# 92s shoots high



## SkaEnthusiast (May 3, 2020)

I just recently purchased a trade in 92s and after trying a couple types of ammunition the point of impact is about 8-10 inches above the aiming point (over 3 shooters). The front sight is just a part of the slide and professional gunsmithing is more than I would like to invest, what are some things that I could do. On top of that I am relatively new to handgun shooting so even things like technique or grip advise could help.


----------



## mdi (Jan 11, 2020)

What weight bullet are you using? Heavier bullets, at lower velocities have a bit more barrel time and groups are affected by recoil/muzzle rise and print higher than lighter, faster bullets. I'd suggest trying some 115 gr and some 124 bullets and see where they print...

I have "raised" the front sight on a gun to lower groups. I epoxied a small brass rod on top of the front sight and cleaned it up, filed to shape and painted it black. I also removed the paint from the rear side to give a better sight picture. IIRC I saw an article (or youtube video ?) about a man that built up his front sight with grey epoxy/JB Weld or Bondo. Then filed it to shape...


----------



## SkaEnthusiast (May 3, 2020)

I have used exclusively 115 gr so far but I will need to try some different weights. Im thinking about doing something similar to an epoxy/copper rod to the front sight as it has been consistent across the ammo brands. On top of that all of the ammo I already have is 115 gr.


----------



## SSGN_Doc (Mar 12, 2020)

Your other option is to lower the rear sight height.


----------



## SkaEnthusiast (May 3, 2020)

The sights are already very low profile and for the angle required I would be left with very little rear sight.


----------



## denner12 (Oct 14, 2017)

Shoots High?
The 92S has a milled front site, a dovetailed rear. Your rear sight is too High! I'd think the previous owner or two of this relatively old police trade; changed the rear sight to his shooting preferences. Maybe the previous owner probably LE was a low, low shooter. lol.

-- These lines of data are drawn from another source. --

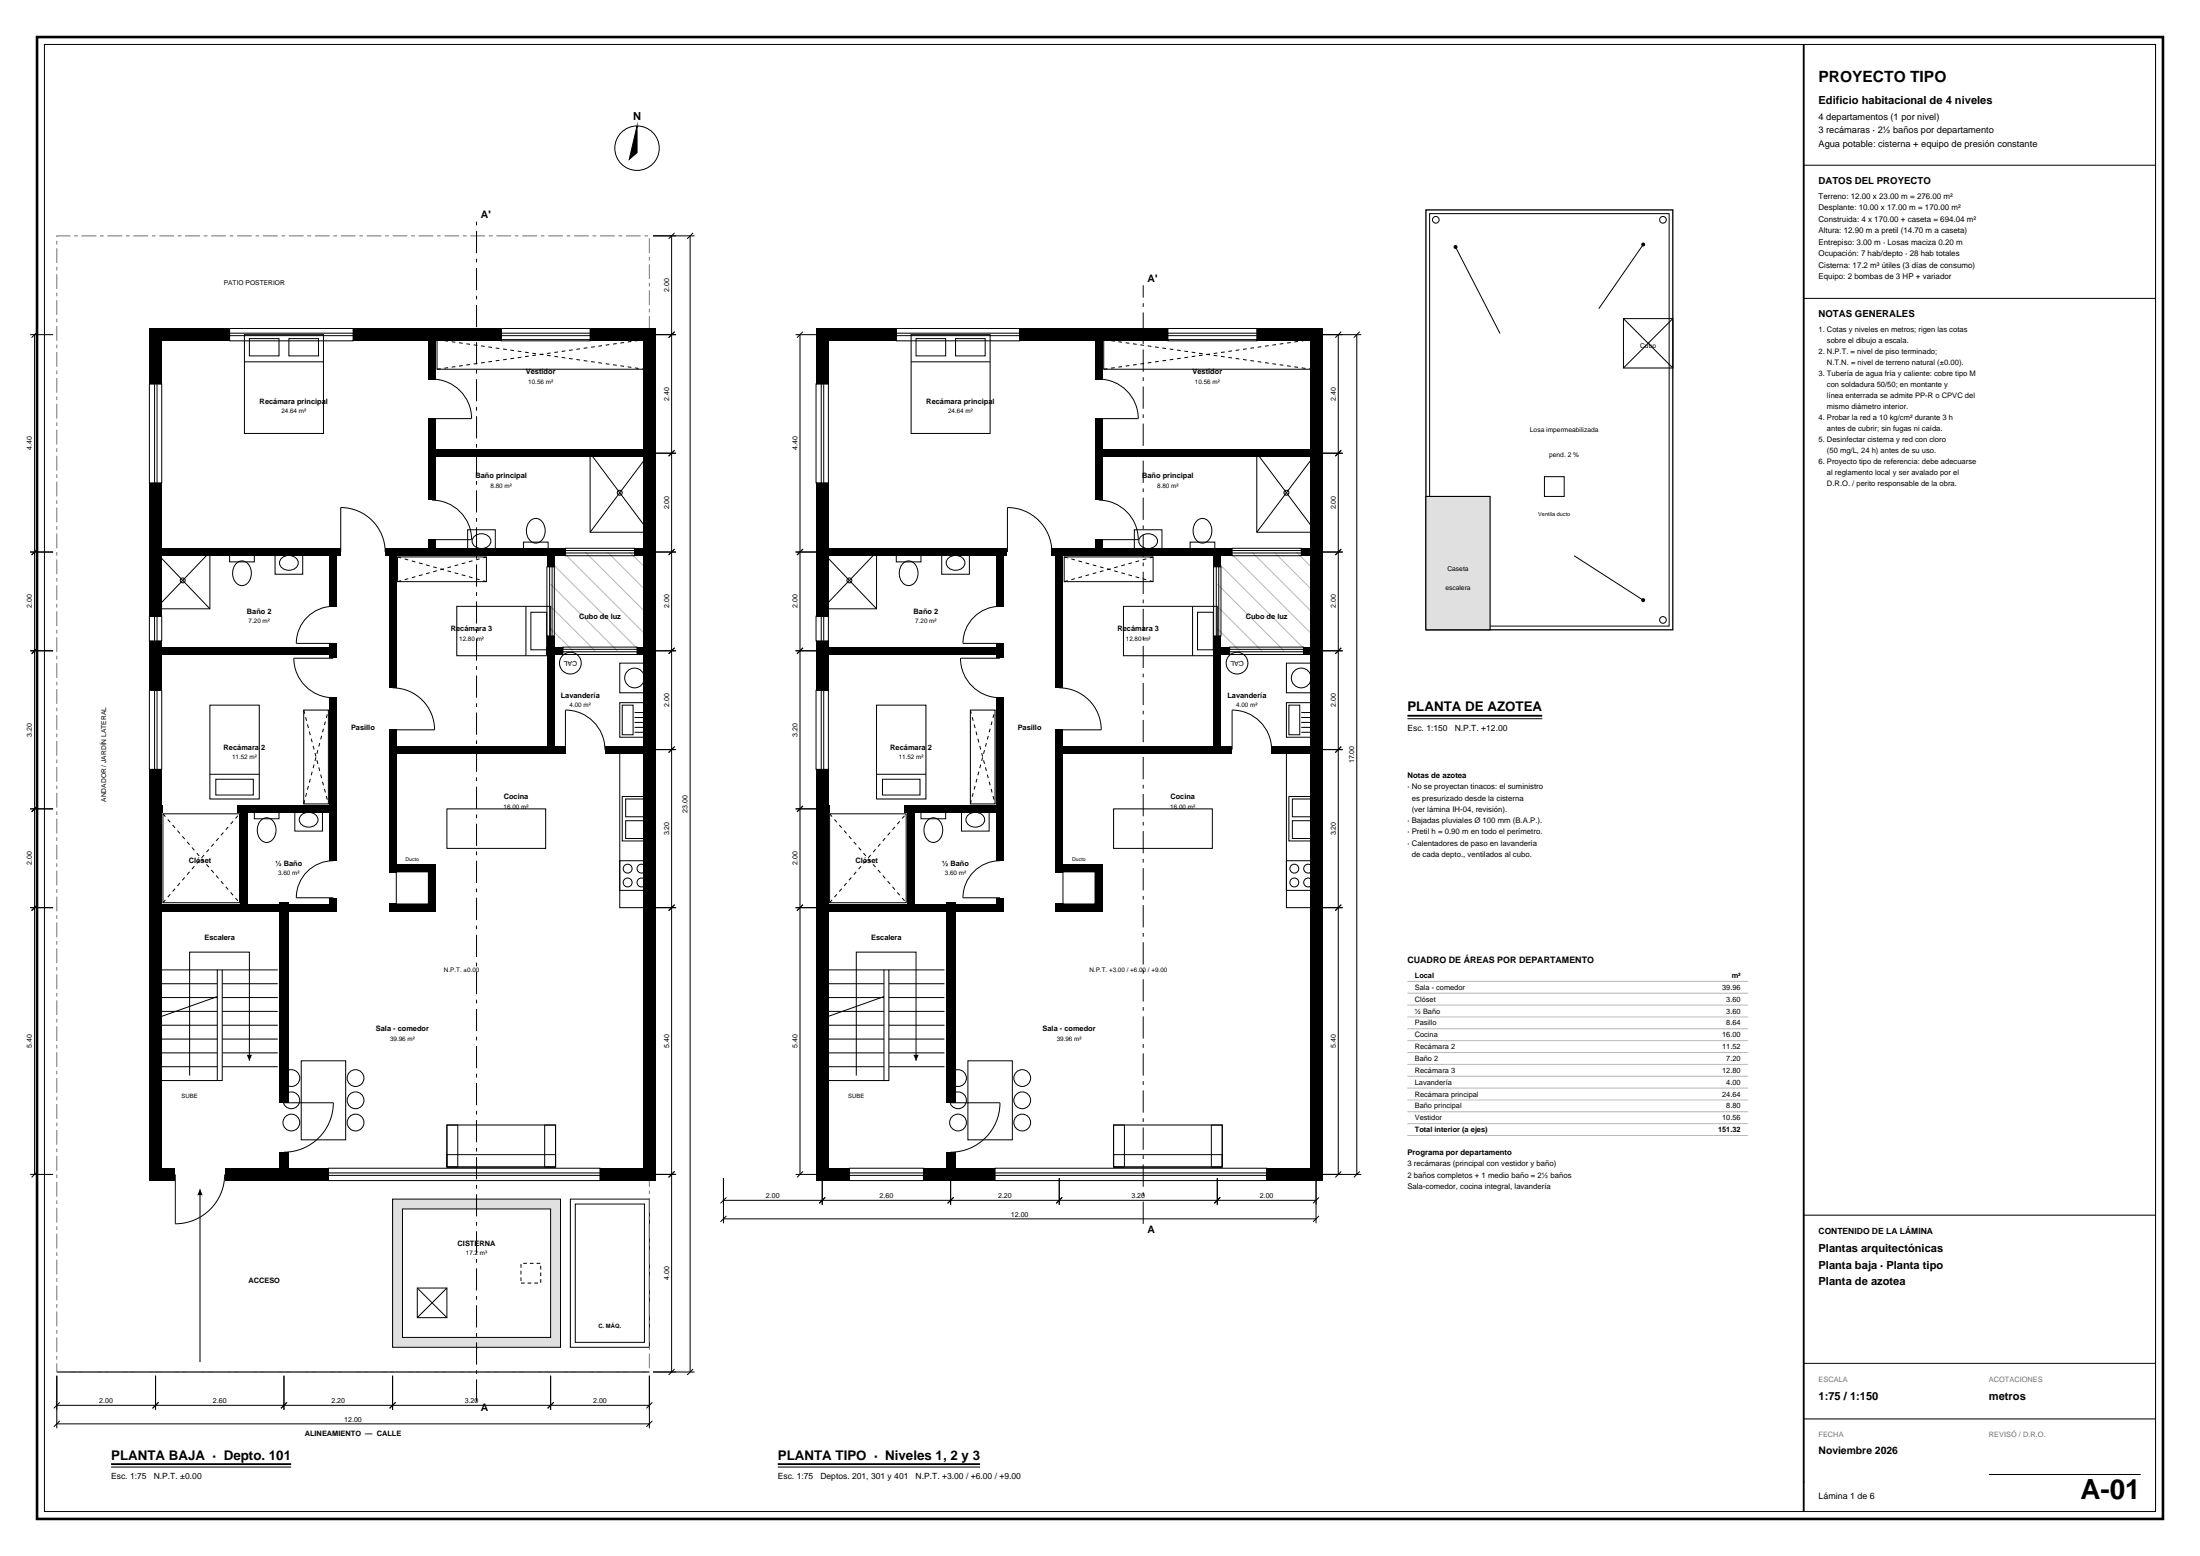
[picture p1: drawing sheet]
<svg xmlns="http://www.w3.org/2000/svg" width="594mm" height="420mm" viewBox="0 0 594 420" stroke-linecap="round" stroke-linejoin="round" font-family="sans-serif">
<path d="M10 10h574v400h-574z" fill="none" stroke="#000" stroke-width=".7" stroke-linecap="butt"/>
<path d="M12 12h570v396h-570zM487 44.6h95M487 80.5h95M487 328h95M487 368h95M487 400h.1M487 383h95M537 398h41" fill="none" stroke="#000" stroke-width=".27"/>
<path d="M487 12v396" fill="none" stroke="#000" stroke-width=".5"/>
<path d="M15.3 370.3h160" fill="none" stroke="#000" stroke-width=".35"/>
<path d="M106 323.7h45.3v40h-45.3z" fill-rule="evenodd" fill="#e0e0e0" stroke="#000" stroke-width=".27"/>
<path d="M108.7 326.3h40v34.7h-40z" fill-rule="evenodd" fill="#fff" stroke="#000" stroke-width=".27"/>
<g fill="none" stroke="#000" stroke-width=".27">
<path d="M386 57.7h64.7v111.3h-64.7zM176.3 63.7h11.2M181.3 63.7v306.6M182.1 62.9l-1.6 1.6M186.3 63.7v306.6M187.1 62.9l-1.6 1.6M8.1 90.3h6.2M9.3 90.3v226.7M10.1 89.5l-1.6 1.6M62 88.7h33.3v3.3h-33.3zM62 90.6h33.3M62 89.9h33.3"/>
<path d="M66 90.3h21.3v26.7h-21.3zM66 97.7h21.3M67.3 91.4h8v4.7h-8zM78 91.4h8v4.7h-8zM118 91.7h56v8h-56zM135.3 88.7h24v3.3h-24zM135.3 90.6h24M135.3 89.9h24M176.3 90.3h6.2M182.1 89.5l-1.6 1.6M214.8 90.3h6.2M216 90.3v226.7"/>
<path d="M216.8 89.5l-1.6 1.6M242 88.7h33.3v3.3h-33.3zM242 90.6h33.3M242 89.9h33.3M246 90.3h21.3v26.7h-21.3zM246 97.7h21.3M247.3 91.4h8v4.7h-8zM258 91.4h8v4.7h-8zM298 91.7h56v8h-56zM315.3 88.7h24v3.3h-24zM315.3 90.6h24M315.3 89.9h24"/>
<path d="M356.3 90.3h11.2M361.3 90.3v226.7M362.1 89.5l-1.6 1.6M366.3 90.3v226.7M367.1 89.5l-1.6 1.6M40.3 103.7h3.4v26.6h-3.4zM41.7 103.7v26.6M42.4 103.7v26.6M116.7 102.3a10.7 10.7 0 0 1 10.6 10.7h-10.6M220.3 103.7h3.4v26.6h-3.4zM221.7 103.7v26.6M222.4 103.7v26.6"/>
<path d="M296.7 102.3a10.7 10.7 0 0 1 10.6 10.7h-10.6M116.7 135a10.7 10.7 0 0 1 10.6 10.7h-10.6M159.3 122.3h16v21.4h-16zM159.3 122.3l16 21.4M175.3 122.3l-16 21.4M176.3 122.3h6.2M182.1 121.5l-1.6 1.6M296.7 135a10.7 10.7 0 0 1 10.6 10.7h-10.6M339.3 122.3h16v21.4h-16zM339.3 122.3l16 21.4M355.3 122.3l-16 21.4M356.3 122.3h6.2"/>
<path d="M362.1 121.5l-1.6 1.6M8.1 149h6.2M10.1 148.2l-1.6 1.6M42 149h14.7v15.3h-14.7zM42 149l14.7 15.3M56.7 149l-14.7 15.3M62 149h6.7v2.7h-6.7zM63.7 152.1a2.26 2.26 0 0 1 3.9 1.2 3.6 3.6 0 0 1-1.7 4.7 2.8 2.8 0 0 1-3.1-3.3 3.8 3.8 0 0 1 .9-2.6zM74.3 149h7.4v6h-7.4zM76.2 150.5a2.69 2.69 0 0 1 4.3 1.4 2.6 2.6 0 0 1-2.5 2 2.6 2.6 0 0 1-2.5-2l.1-.5zM92 149v-12a12 12 0 0 1 12 12M107.3 150.3h24v6.7h-24z"/>
<path d="M126.3 143h7.4v6h-7.4zM128.2 144.7a2.69 2.69 0 0 1 4.3 1.4 2.6 2.6 0 0 1-2.5 2 2.6 2.6 0 0 1-2.5-2l.1-.6zM141.3 146.3h6.7v2.7h-6.7zM143.1 140.7a2.26 2.26 0 0 1 3.8 1.1 3.6 3.6 0 0 1-1.7 4.7 2.8 2.8 0 0 1-3.1-3.2 3.8 3.8 0 0 1 1-2.6zM147.7 153h2v18.7h-2zM148.4 153v18.7M149.1 153v18.7M152.7 148h18.6v2h-18.6zM152.7 149.3h18.6M152.7 148.6h18.6M176.3 149h6.2M182.1 148.2l-1.6 1.6"/>
<path d="M214.8 149h6.2M216.8 148.2l-1.6 1.6M222 149h14.7v15.3h-14.7zM222 149l14.7 15.3M236.7 149l-14.7 15.3M242 149h6.7v2.7h-6.7zM243.7 152.1a2.26 2.26 0 0 1 3.9 1.2 3.6 3.6 0 0 1-1.7 4.7 2.8 2.8 0 0 1-3.1-3.3 3.8 3.8 0 0 1 .9-2.6zM254.3 149h7.4v6h-7.4zM256.2 150.5a2.69 2.69 0 0 1 4.3 1.4 2.6 2.6 0 0 1-2.5 2 2.6 2.6 0 0 1-2.5-2l.1-.5zM272 149v-12a12 12 0 0 1 12 12M287.3 150.3h24v6.7h-24zM306.3 143h7.4v6h-7.4z"/>
<path d="M308.2 144.7a2.69 2.69 0 0 1 4.3 1.4 2.6 2.6 0 0 1-2.5 2 2.6 2.6 0 0 1-2.5-2l.1-.6zM321.3 146.3h6.7v2.7h-6.7zM323.1 140.7a2.26 2.26 0 0 1 3.8 1.1 3.6 3.6 0 0 1-1.7 4.7 2.8 2.8 0 0 1-3.1-3.2 3.8 3.8 0 0 1 1-2.6zM327.7 153h2v18.7h-2zM328.4 153v18.7M329.1 153v18.7M332.7 148h18.6v2h-18.6zM332.7 149.3h18.6M332.7 148.6h18.6M356.3 149h6.2M362.1 148.2l-1.6 1.6M8.1 175.7h6.2"/>
<path d="M10.1 174.9l-1.6 1.6M40.3 166.3h3.4v6.7h-3.4zM41.7 166.3v6.7M42.4 166.3v6.7M90 177.7h-10.7a10.7 10.7 0 0 0 10.7 10.6M90 163.7a10 10 0 0 0-10 10h10M123.3 163.7h25.4v13.3h-25.4zM142 163.7v13.3M143.3 165.3h4.3v10.1h-4.3zM152 174.7h20v2h-20zM152 175.9h20M152 175.3h20"/>
<path d="M167.3 179h8v8h-8zM176.3 175.7h6.2M182.1 174.9l-1.6 1.6M214.8 175.7h6.2M216.8 174.9l-1.6 1.6M220.3 166.3h3.4v6.7h-3.4zM221.7 166.3v6.7M222.4 166.3v6.7M270 177.7h-10.7a10.7 10.7 0 0 0 10.7 10.6M270 163.7a10 10 0 0 0-10 10h10M303.3 163.7h25.4v13.3h-25.4zM322 163.7v13.3"/>
<path d="M323.3 165.3h4.3v10.1h-4.3zM332 174.7h20v2h-20zM332 175.9h20M332 175.3h20M347.3 179h8v8h-8zM356.3 175.7h6.2M362.1 174.9l-1.6 1.6M40.3 186.3h3.4v21.4h-3.4zM41.7 186.3v21.4M42.4 186.3v21.4M56.7 190.3h13.3v25.4h-13.3zM82 191.7h6.7v25.3h-6.7z"/>
<path d="M106 185.7a11.3 11.3 0 0 1 11.3 11.3h-11.3M167.3 189.7h8v9.3h-8zM168 190.3h2.9v8h-2.9zM171.3 197.7h2.7M171.3 196.3h2.7M171.3 195h2.7M171.3 193.7h2.7M171.3 192.3h2.7M220.3 186.3h3.4v21.4h-3.4zM221.7 186.3v21.4M222.4 186.3v21.4M236.7 190.3h13.3v25.4h-13.3z"/>
<path d="M262 191.7h6.7v25.3h-6.7zM286 185.7a11.3 11.3 0 0 1 11.3 11.3h-11.3M347.3 189.7h8v9.3h-8zM348 190.3h2.9v8h-2.9zM351.3 197.7h2.7M351.3 196.3h2.7M351.3 195h2.7M351.3 193.7h2.7M351.3 192.3h2.7M8.1 218.3h6.2M10.1 217.5l-1.6 1.6M44 219.7h20.7v24h-20.7z"/>
<path d="M56.7 209h13.3M58.3 210.3h10.1v4.3h-10.1zM68.7 218.3h6.6v2.7h-6.6zM79.6 218.3h7.5v6h-7.5zM81.5 219.9a2.69 2.69 0 0 1 4.4 1.4 2.6 2.6 0 0 1-2.6 2 2.6 2.6 0 0 1-2.5-2l.1-.6zM120.7 218.3h26.6v10.7h-26.6zM152.7 202.3v-10.6a10.7 10.7 0 0 1 10.6 10.6M167.3 202.3h8v42.7h-8zM168 215h7.3v12h-7.3zM168.9 215.7h5.6v4.8h-5.6zM176.3 202.3h6.2M182.1 201.5l-1.6 1.6"/>
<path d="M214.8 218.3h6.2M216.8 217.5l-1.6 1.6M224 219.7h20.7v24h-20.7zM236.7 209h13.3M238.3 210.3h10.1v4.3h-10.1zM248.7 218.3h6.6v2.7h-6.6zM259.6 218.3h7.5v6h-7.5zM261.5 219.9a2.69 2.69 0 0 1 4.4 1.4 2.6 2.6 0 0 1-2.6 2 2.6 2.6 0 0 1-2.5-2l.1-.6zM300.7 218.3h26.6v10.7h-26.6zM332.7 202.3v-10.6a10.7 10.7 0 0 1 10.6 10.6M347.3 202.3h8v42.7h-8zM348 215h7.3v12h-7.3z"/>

It wouldn't be a lower front sight because then it would shoot lower.


----------



## Jeb Stuart (Jan 19, 2020)

You say your are new to handgun shooting. Perhaps let someone else shoot the gun. I would do this before messing with the sights. I think you are on the right track about finding the right grip. I am sure there are some YOUTUBE videos to help you get started until you can maybe find a good training class. Good Luck, you have purchased a fantastic pistol. Great Start.


----------



## pic (Nov 14, 2009)

*What distance are you shooting from ? *
Examine the gun carefully for any broken parts
Does the Barrel at the muzzle have excessive play (wiggle) ?
Not sure if there's a barrel bushing on that gun.


----------



## Minorcan (Apr 18, 2020)

When I first got my 92 I thought that the ghost slide would reduce rearward momentum and thus recoil. It does but it doesn’t eliminate it. There is still a lot of mass moving rearward and the bullet stays in that longer barrel for a longer period of time. This can appear that the pistol is shooting high but in reality a better grip and learning the weapon can make a big difference. Once I learned this mI or miracle occurred, my weapon shoots where I point it, (most of time ... LOL).


----------



## SSGN_Doc (Mar 12, 2020)

If the pistol is shooting high “across three different shooters” then it is likely the sights. You could shoot it from a sandbag rest on a bench to better eliminate shooter influence on point of impact vs point of aim.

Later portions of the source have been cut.